Online-Pride – Nützt das was?

Corona wegen fallen heuer wohl sämtliche Großveranstaltungen aus – CSD inklusive. Stattdessen werden digitale Alternativen geschaffen. Im Vergleich zum sonst betriebenen Aufwand wirkt das regelrecht effizient: Weniger Organisation bei mehr Reichweite über die unendlichen Weiten des Internets. Ob es hingegen effektiv ist, wage ich zu bezweifeln.

Erinnerst du dich daran, als ich letztes Jahr trauriger nicht am Berliner CSD teilnehmen konnte, das aber gar nicht schlimm fand, weil ich mir sicher war, im kommenden (also diesem) Jahr würde der nächste stattfinden? So kann ich mich irren. Wie so viele andere Großveranstaltungen auch, beschränkte sich der heurige Christopher Street Day der deutschen Hauptstadt also auf eine digitale Variante in Form eines Live-Streams. Die Wirkung dessen halte ich jedoch für fragwürdig.

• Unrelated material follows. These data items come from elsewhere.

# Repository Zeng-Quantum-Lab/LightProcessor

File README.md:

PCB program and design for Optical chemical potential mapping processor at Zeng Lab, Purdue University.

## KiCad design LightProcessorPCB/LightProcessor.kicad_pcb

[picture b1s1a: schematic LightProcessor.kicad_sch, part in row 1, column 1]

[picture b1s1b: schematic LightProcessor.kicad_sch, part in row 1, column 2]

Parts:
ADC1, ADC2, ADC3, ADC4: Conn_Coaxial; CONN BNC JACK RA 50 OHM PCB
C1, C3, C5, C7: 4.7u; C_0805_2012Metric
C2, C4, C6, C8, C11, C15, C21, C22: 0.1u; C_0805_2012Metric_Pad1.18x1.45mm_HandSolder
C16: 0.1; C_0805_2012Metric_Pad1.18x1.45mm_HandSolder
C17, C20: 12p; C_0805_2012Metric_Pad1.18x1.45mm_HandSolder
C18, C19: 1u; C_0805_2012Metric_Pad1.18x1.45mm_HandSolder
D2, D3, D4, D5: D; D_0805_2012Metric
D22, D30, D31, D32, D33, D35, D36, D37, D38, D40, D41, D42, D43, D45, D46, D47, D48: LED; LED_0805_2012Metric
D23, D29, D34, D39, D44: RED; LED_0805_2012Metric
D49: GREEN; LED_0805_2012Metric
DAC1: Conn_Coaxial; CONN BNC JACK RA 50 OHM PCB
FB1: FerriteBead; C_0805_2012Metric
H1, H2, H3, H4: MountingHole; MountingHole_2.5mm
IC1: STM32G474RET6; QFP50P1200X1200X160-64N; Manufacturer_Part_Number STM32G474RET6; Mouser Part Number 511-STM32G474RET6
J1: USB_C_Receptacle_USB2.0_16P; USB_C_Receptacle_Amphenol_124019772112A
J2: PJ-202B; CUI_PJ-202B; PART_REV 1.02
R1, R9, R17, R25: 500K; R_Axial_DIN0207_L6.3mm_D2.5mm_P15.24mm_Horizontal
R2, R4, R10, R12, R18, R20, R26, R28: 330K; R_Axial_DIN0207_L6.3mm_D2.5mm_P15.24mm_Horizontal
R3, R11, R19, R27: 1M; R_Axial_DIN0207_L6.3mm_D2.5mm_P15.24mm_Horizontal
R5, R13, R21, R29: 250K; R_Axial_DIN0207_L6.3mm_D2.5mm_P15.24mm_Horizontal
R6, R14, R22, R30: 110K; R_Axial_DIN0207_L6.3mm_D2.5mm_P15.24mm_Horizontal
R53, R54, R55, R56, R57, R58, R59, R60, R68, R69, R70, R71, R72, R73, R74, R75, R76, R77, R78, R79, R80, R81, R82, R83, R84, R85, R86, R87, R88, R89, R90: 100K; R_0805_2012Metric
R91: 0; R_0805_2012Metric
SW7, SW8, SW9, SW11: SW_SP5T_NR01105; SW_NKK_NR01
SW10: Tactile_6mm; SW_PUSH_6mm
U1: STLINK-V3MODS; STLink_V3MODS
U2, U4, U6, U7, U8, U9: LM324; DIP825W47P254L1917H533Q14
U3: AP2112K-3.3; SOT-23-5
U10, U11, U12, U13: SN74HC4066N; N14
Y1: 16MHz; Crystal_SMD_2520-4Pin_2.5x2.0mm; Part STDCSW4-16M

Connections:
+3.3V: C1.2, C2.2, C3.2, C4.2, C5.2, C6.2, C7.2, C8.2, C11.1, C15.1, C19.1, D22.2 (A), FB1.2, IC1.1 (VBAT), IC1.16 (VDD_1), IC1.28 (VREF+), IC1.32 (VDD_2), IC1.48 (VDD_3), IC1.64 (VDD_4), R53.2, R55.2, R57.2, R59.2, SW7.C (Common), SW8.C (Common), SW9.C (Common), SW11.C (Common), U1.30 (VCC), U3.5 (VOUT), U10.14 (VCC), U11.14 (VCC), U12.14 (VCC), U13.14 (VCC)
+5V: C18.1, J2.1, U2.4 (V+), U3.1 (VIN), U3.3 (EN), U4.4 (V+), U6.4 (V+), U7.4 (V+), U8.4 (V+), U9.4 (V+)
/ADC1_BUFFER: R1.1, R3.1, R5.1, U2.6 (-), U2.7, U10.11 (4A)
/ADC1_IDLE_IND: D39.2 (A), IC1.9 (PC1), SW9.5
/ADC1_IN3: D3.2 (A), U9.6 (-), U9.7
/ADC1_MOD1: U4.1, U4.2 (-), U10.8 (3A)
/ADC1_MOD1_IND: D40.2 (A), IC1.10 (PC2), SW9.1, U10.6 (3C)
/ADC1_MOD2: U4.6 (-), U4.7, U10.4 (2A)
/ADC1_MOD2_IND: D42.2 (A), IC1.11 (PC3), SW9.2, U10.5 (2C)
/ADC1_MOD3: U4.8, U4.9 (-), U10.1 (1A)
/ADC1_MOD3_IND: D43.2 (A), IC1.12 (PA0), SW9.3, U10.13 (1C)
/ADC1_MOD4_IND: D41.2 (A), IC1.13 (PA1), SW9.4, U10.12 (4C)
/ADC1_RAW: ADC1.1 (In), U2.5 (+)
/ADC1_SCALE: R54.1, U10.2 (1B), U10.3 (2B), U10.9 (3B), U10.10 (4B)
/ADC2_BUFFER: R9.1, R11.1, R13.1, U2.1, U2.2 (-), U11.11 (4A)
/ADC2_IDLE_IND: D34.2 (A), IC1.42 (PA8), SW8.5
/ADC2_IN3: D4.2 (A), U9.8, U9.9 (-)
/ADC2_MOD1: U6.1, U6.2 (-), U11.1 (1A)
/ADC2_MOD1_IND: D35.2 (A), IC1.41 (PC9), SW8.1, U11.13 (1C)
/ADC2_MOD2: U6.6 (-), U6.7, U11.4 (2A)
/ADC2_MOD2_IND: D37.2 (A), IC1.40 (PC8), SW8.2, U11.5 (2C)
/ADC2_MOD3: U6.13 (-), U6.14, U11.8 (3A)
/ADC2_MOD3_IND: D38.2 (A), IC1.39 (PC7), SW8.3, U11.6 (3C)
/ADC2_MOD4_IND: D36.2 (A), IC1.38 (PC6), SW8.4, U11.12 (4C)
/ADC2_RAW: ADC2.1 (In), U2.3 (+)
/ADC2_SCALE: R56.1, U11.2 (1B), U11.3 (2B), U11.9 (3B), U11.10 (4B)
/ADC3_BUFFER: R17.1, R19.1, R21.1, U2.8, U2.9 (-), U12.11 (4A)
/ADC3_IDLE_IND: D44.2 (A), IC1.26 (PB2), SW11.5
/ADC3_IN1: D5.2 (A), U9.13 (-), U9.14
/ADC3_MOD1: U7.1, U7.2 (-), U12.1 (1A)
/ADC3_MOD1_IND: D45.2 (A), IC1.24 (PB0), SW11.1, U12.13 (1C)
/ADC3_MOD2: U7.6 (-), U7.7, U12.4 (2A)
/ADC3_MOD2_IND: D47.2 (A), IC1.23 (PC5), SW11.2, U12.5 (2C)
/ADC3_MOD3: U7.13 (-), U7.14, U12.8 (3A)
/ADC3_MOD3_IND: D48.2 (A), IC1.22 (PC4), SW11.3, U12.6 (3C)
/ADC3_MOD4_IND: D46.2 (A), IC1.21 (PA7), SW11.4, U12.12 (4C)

Zunächst einmal klingt eine rein digitale Veranstaltung natürlich überzeugend: Niemand braucht anzureisen, um teilnehmen zu können. Mit fossilen Brennstoffen betriebene Lkws fahren nicht durch Innenstädte und auch in Hinblick auf Banner, Deko und Effekte fallen weniger Müll an. Solche Digi-Events erweisen sich folglich ökologisch nachhaltig und kostengünstiger. Doch damit allein ist es nicht getan.

Dass Sichtbarkeit von Menschen abseits der Norm wichtig ist, rückt zunehmend stärker in unser Bewusstsein. Doch genau damit habe ich bei einem digitalen CSD Probleme: Im Gegensatz zu einer Veranstaltung in der analogen Öffentlichkeit erhöht sich die Sichtbarkeit von sexuellen Minderheiten nicht, denn Menschen außerhalb dieses Personenkreises werden überhaupt nicht mit dem politischen Hintergrund der Demonstration konfrontiert. Den Live-Stream kann ich nur dann sehen, wenn ich ihn aktiv aufrufe. Darauf werde ich nicht zufällig aufmerksam, wie wenn bunte, schillernde Massen lautstark durch das Stadtzentrum ziehen. Das digitale Äquivalent wäre, dass der Live-Stream auf sämtlichen sozialen Netzwerke und Nachrichtenseiten präsent ins Auge springt. Tut er aber leider nicht.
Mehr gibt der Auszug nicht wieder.